Report: Global Warming Solutions
Less Shelter from the Storm: An Analysis of How Federal Budget Proposals Put New Jersey at Risk
With recent massive hurricanes pummeling our coasts, we need to do more to protect our communities. We need to make them less susceptible to flooding, sewage overflows and leaks from toxic waste sites, and, of course, we need to prevent even more intense global warming fueled extreme weather in the future. Unfortunately, as detailed below, pending budget proposals from the Trump administration and Congress threaten key programs that protect our communities. Rather than protecting our most vulnerable communities, budget proposals on the table in Washington, D.C. right now would threaten coastal resiliency, remove protections for flood-absorbing wetlands, neglect funding for stormwater and sewage treatment, and expose more Americans to toxic chemicals. While we do everything in our power to cut the pollution that will fuel even more extreme weather in the future, we need a budget that supports programs that can shelter us from the coming storms.
Environment New Jersey analyzed the FY 2018 budget proposed by President Trump in the spring of 2017 and the current House and Senate appropriations bills and their impact on programs that protect communities from storm-related impacts. Overall, the Trump administration proposes a 31% ($2.6 billion) budget decrease for the Environmental Protection Agency (EPA) -- the primary agency for protecting the air we breathe and the water we drink, and reducing our exposure to toxic chemicals. The administration’s proposal also specifically proposed eliminating or cutting important clean water, coastal protection and slashing toxic waste cleanup programs. To date, the House has also proposed steep but slightly smaller cuts to the EPA of $528 million. The House spending bills also include several harmful legislative “riders,” including one that targets the Clean Water Rule, which protects flood-absorbing wetlands. The House bill also cuts important coastal protection programs and initially slashed clean water grants to states. Environment New Jersey is thankful for the leadership from Sen. Cory Booker and Sen. Robert Menendez and is calling on both Senators to continue to protect New Jerseyans by working to ensure full funding for important programs that protect our communities and opposing these and any other harmful proposals.

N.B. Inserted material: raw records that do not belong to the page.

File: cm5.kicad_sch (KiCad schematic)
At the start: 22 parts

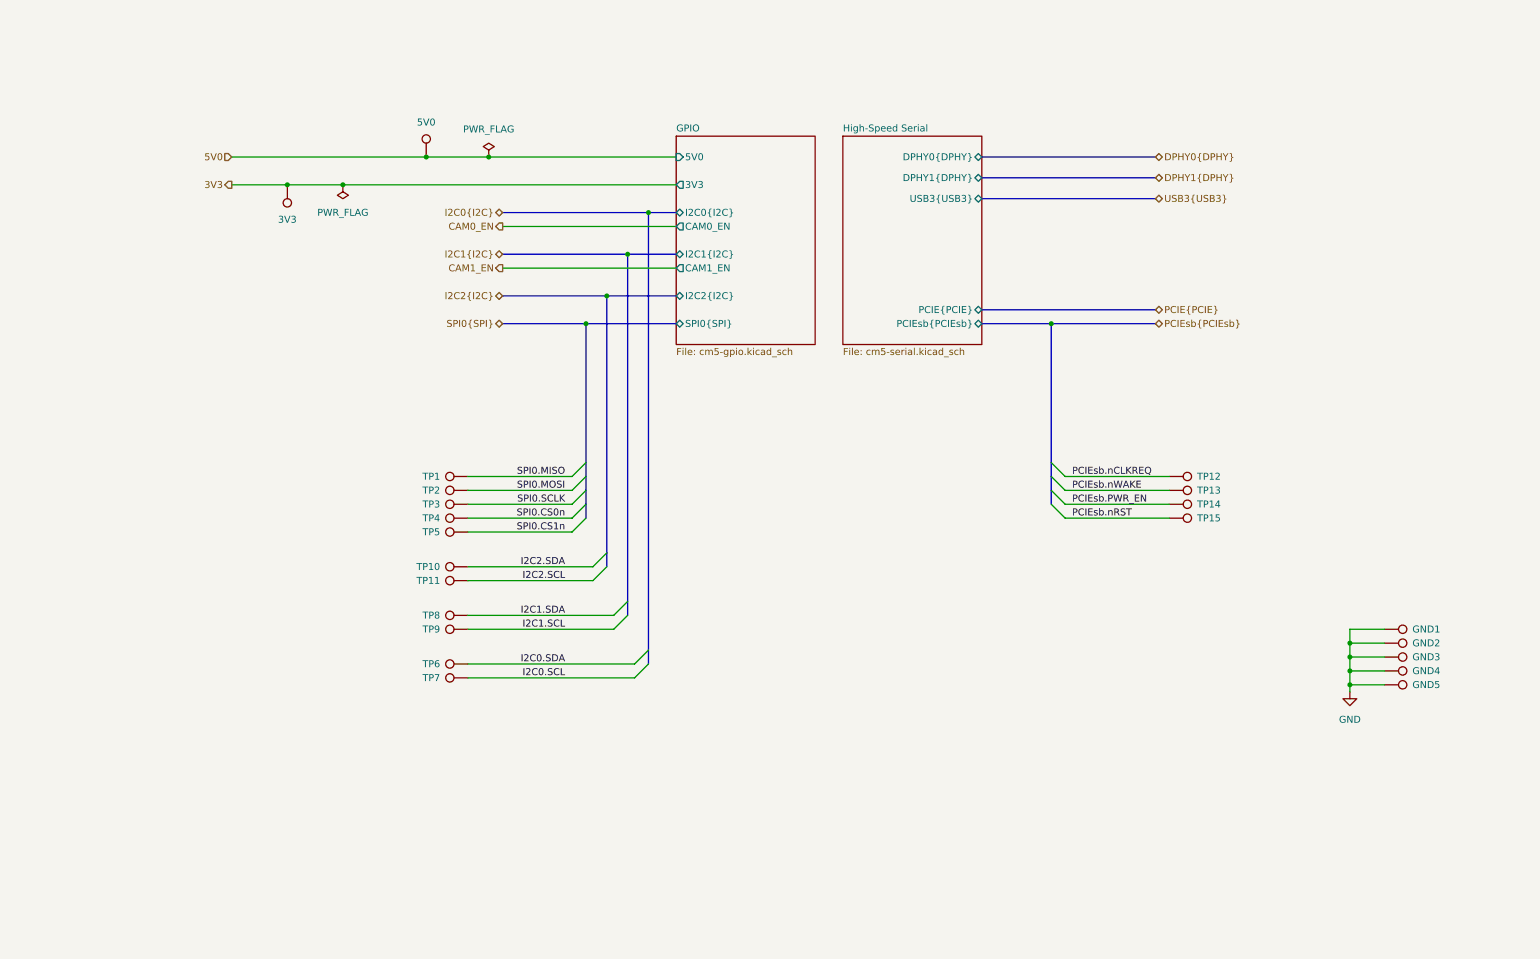
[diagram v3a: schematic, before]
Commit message: added conns to backplane
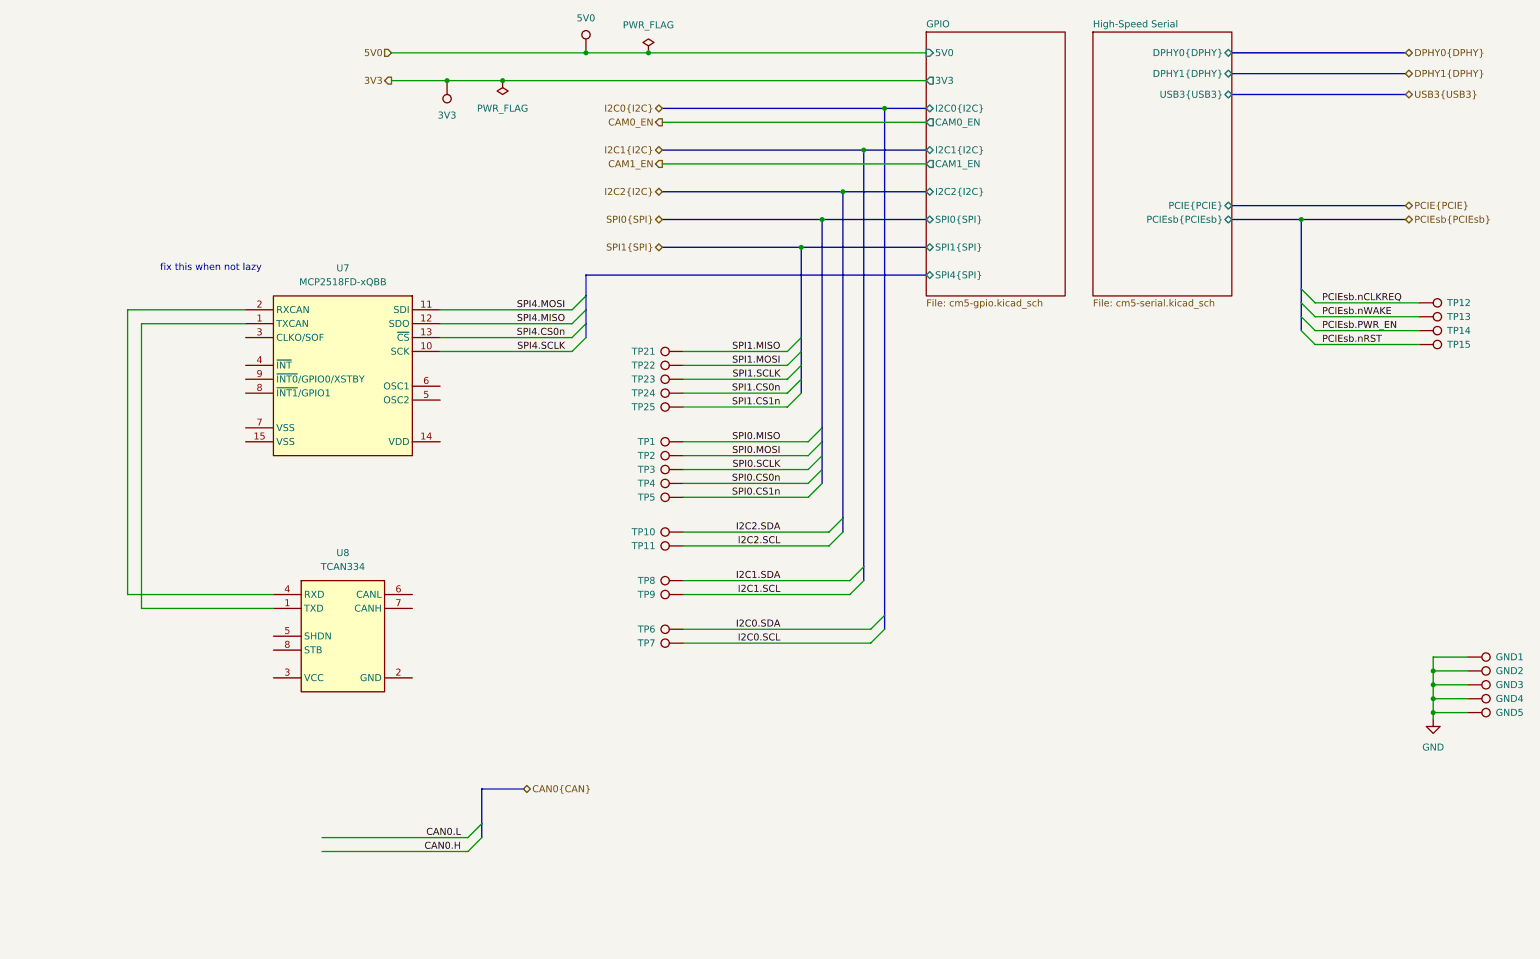
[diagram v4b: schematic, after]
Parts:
- added TP21, TP22, TP23, TP24, TP25: TestPoint, TestPoint:TestPoint_Pad_D1.0mm, symbol library:TestPoint
- added U7: MCP2518FD-xQBB, Package_DFN_QFN:DFN-14-1EP_3x4.5mm_P0.65mm_EP1.65x4.25mm, symbol Interface_CAN_LIN:MCP2518FD-xQBB
- added U8: TCAN334, Package_SO:JEITA_SOIC-8_3.9x4.9mm_P1.27mm, symbol Interface_CAN_LIN:TCAN334
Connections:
- new net: U7.1 (TXCAN), U8.1 (TXD)
- new net: U7.2 (RXCAN), U8.4 (RXD)
- new net SPI1.CS0n: TP24.1
- new net SPI1.CS1n: TP25.1
- new net SPI1.MISO: TP21.1
- new net SPI1.MOSI: TP22.1
- new net SPI1.SCLK: TP23.1
- new net SPI4.CS0n: U7.13 (~{CS})
- new net SPI4.MISO: U7.12 (SDO)
- new net SPI4.MOSI: U7.11 (SDI)
- new net SPI4.SCLK: U7.10 (SCK)
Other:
- sheet GPIO ports: added SPI1{SPI}, SPI4{SPI}; removed none
- note added: "fix this when not lazy"
- moved on the sheet: 3V3, 5V0, GND1, GND2, GND3, GND4, GND5, TP1, TP10, TP11, TP12, TP13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

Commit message: removed ublox
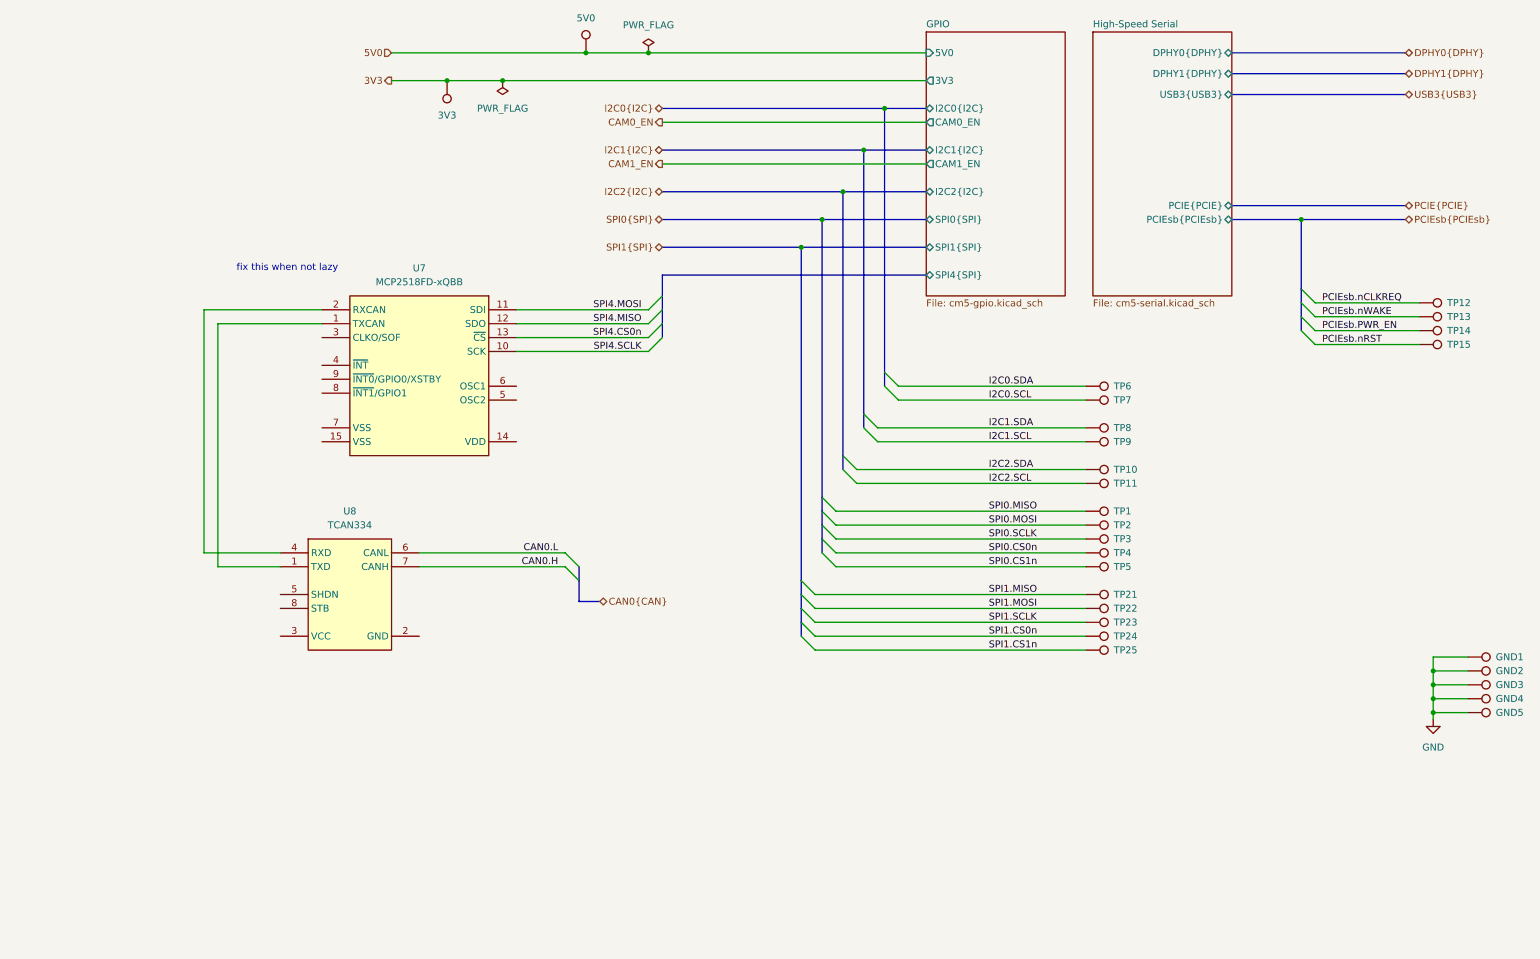
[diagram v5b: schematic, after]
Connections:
- net CAN0.H: now also U8.7 (CANH)
- net CAN0.L: now also U8.6 (CANL)
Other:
- moved on the sheet: TP1, TP10, TP11, TP2, TP21, TP22, TP23, TP24, TP25, TP3, TP4, TP5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

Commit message: defined can
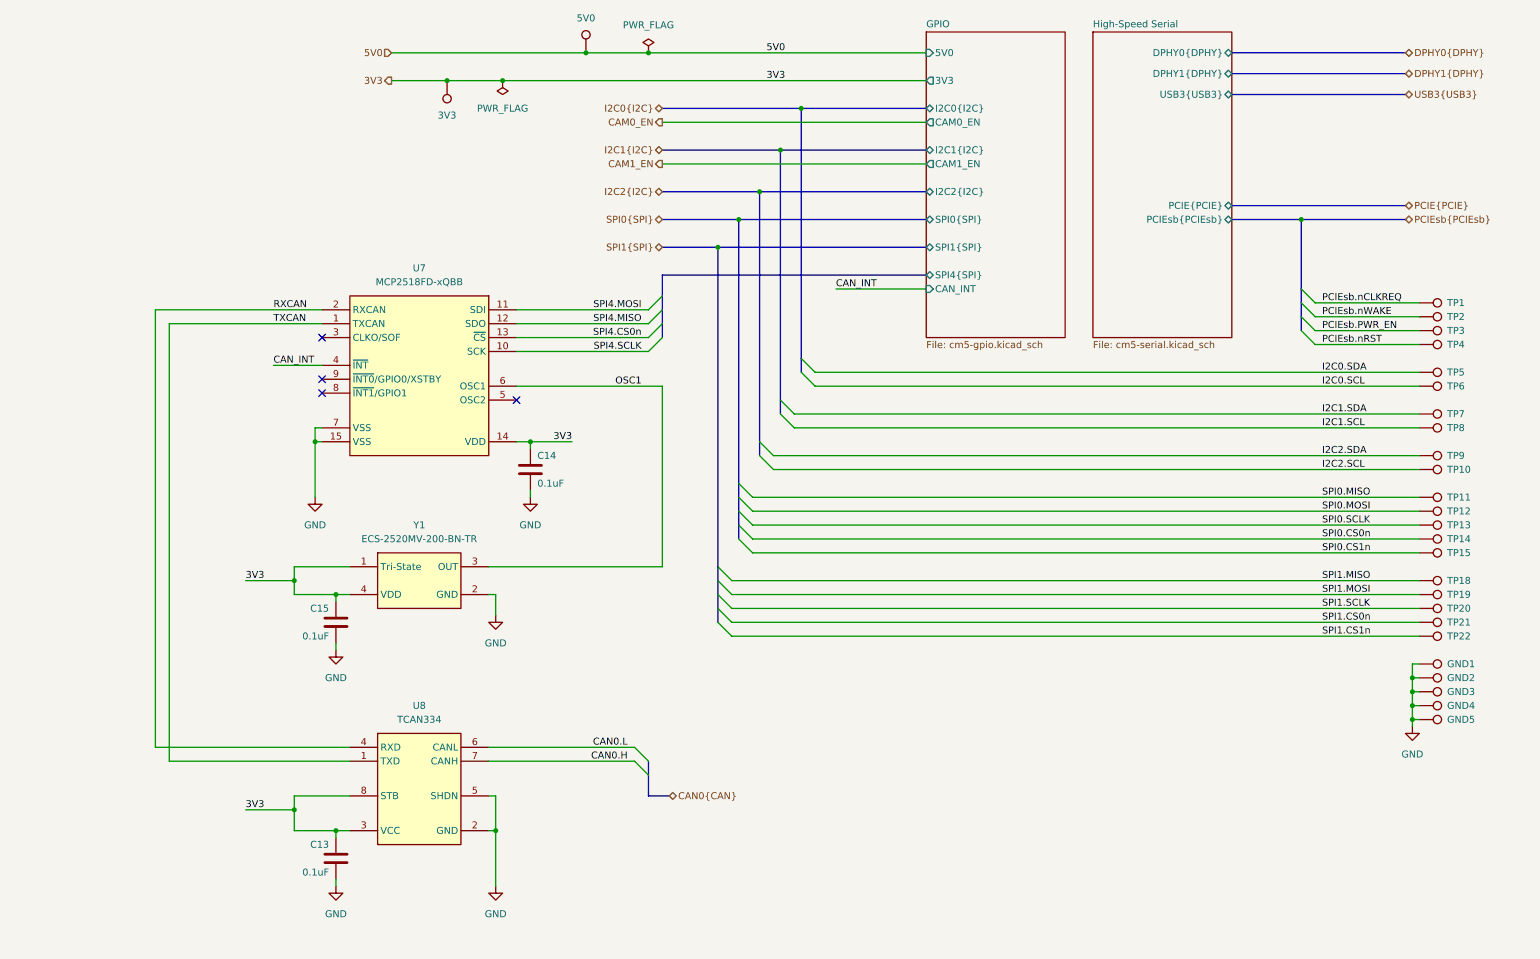
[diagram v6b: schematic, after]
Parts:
- added C13, C14, C15: 0.1uF, Capacitor_SMD:C_0402_1005Metric, symbol library:C
- added Y1: ECS-2520MV-200-BN-TR, Oscillator:Oscillator_SMD_ECS_2520MV-xxx-xx-4Pin_2.5x2.0mm, symbol Oscillator:ECS-2520MV-xxx-xx
- renumbered TP12 to TP1, TP11 to TP10, TP1 to TP11, TP2 to TP12, TP3 to TP13, TP4 to TP14, TP5 to TP15, TP21 to TP18, TP22 to TP19, TP13 to TP2, TP23 to TP20, TP24 to TP21, TP25 to TP22, TP14 to TP3, TP15 to TP4, TP6 to TP5, TP7 to TP6, TP8 to TP7, TP9 to TP8, TP10 to TP9
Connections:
- net 3V3: now also U7.14 (VDD), U8.3 (VCC), U8.8 (STB), C13.1, C14.1, C15.1, Y1.1 (Tri-State), Y1.4 (VDD)
- net GND: now also U7.15 (VSS), U7.7 (VSS), U8.2 (GND), U8.5 (SHDN), C13.2, C14.2, C15.2, Y1.2 (GND)
- net TXCAN: now reaches U7.1 (TXCAN), U8.1 (TXD)
- net RXCAN: now reaches U7.2 (RXCAN), U8.4 (RXD)
- net CAN_INT: now reaches U7.4 (~{INT})
- net OSC1: now reaches U7.6 (OSC1)
- net OSC1: now also Y1.3 (OUT)
- no-connect marks 0 -> 4
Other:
- sheet GPIO ports: added CAN_INT; removed none
- note removed: "fix this when not lazy"
- moved on the sheet: GND1, GND2, GND3, GND4, GND5, TP10, TP11, TP12, TP13, TP14, TP15, TP18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

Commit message: finished defining spi/i2c gpio, CAN, off-board signals
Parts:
- removed TP22: TestPoint, TestPoint:TestPoint_Pad_D1.0mm, symbol library:TestPoint
- added R13: 2.2K 1%, Resistor_SMD:R_0402_1005Metric, symbol library:R_US
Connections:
- net SPI0.CS0n is gone; now on net SPI1.CS0n: TP14.1
- net SPI0.CS1n is gone; now on net SPI1.CS1n: TP15.1
- net SPI0.MISO is gone; now on net SPI1.MISO: TP11.1
- net SPI0.MOSI is gone; now on net SPI1.MOSI: TP12.1
- net SPI0.SCLK is gone; now on net SPI1.SCLK: TP13.1
- net 3V3: now also R13.1
- net CAN_INT: now also R13.2
- net SPI1.CS0n: no longer TP21.1
- net SPI1.MISO: no longer TP18.1
- net SPI1.MOSI: no longer TP19.1
- net SPI1.SCLK: no longer TP20.1
- net SPI4.CS0n renamed SPI3.CS0n
- net SPI4.MISO renamed SPI3.MISO
- net SPI4.MOSI renamed SPI3.MOSI
- net SPI4.SCLK renamed SPI3.SCLK
- new net SPI2.CS0n: TP21.1
- new net SPI2.MISO: TP18.1
- new net SPI2.MOSI: TP19.1
- new net SPI2.SCLK: TP20.1
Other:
- sheet GPIO ports: added SPI2{SPI}, SPI3{SPI}; removed SPI0{SPI}, SPI4{SPI}
- moved on the sheet: GND1, GND2, GND3, GND4, GND5

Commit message: power planes and sensor placement
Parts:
- removed TP1, TP2, TP3, TP4: TestPoint, TestPoint:TestPoint_Pad_D1.0mm, symbol library:TestPoint
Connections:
- net CAN0.H renamed CAN0.P
- net CAN0.L renamed CAN0.N

Protect Flood-Absorbing Wetlands
Floods are the most common natural disaster in the US, and scientists predict that the damage caused by floods will only increase in the years to come, to over $1 trillion per year by 2050 globally. As climate change continues to progress, extreme rain events that trigger flooding are likely to become increasingly frequent. In a warming world where extreme precipitation events will be more common, we need to protect critical natural flood barriers so that communities are safer from flooding and extreme precipitation events.
Wetlands are Nature’s Flood Control, but the House Budget Threatens their Protection
During times of heavy precipitation, wetlands act like a sponge to slow the velocity of runoff and retain excess water. In fact, an acre of wetland 1 foot deep can hold 330,000 gallons of water. In this way, wetlands reduce the danger of flooding and mitigate its worst impacts, providing water flow regulation services to communities across the U.S.
In New Jersey alone, there more than 687,000 acres of freshwater wetlands across the state, and more than 125,000 acres of these wetlands are in the 100-year flood plains (where data is available). Collectively, New Jersey’s wetlands could absorb more than 226,000 million gallons of floodwaters during an extreme weather event. In just one county alone, Gloucester, close to half of the wetlands (more than 14,000 acres) are within the 100-year flood plain. Wetlands. protect our communities from flooding, so paving over or otherwise destroying wetlands reduces the ability of a landscape to absorb rainfall from extreme precipitation events.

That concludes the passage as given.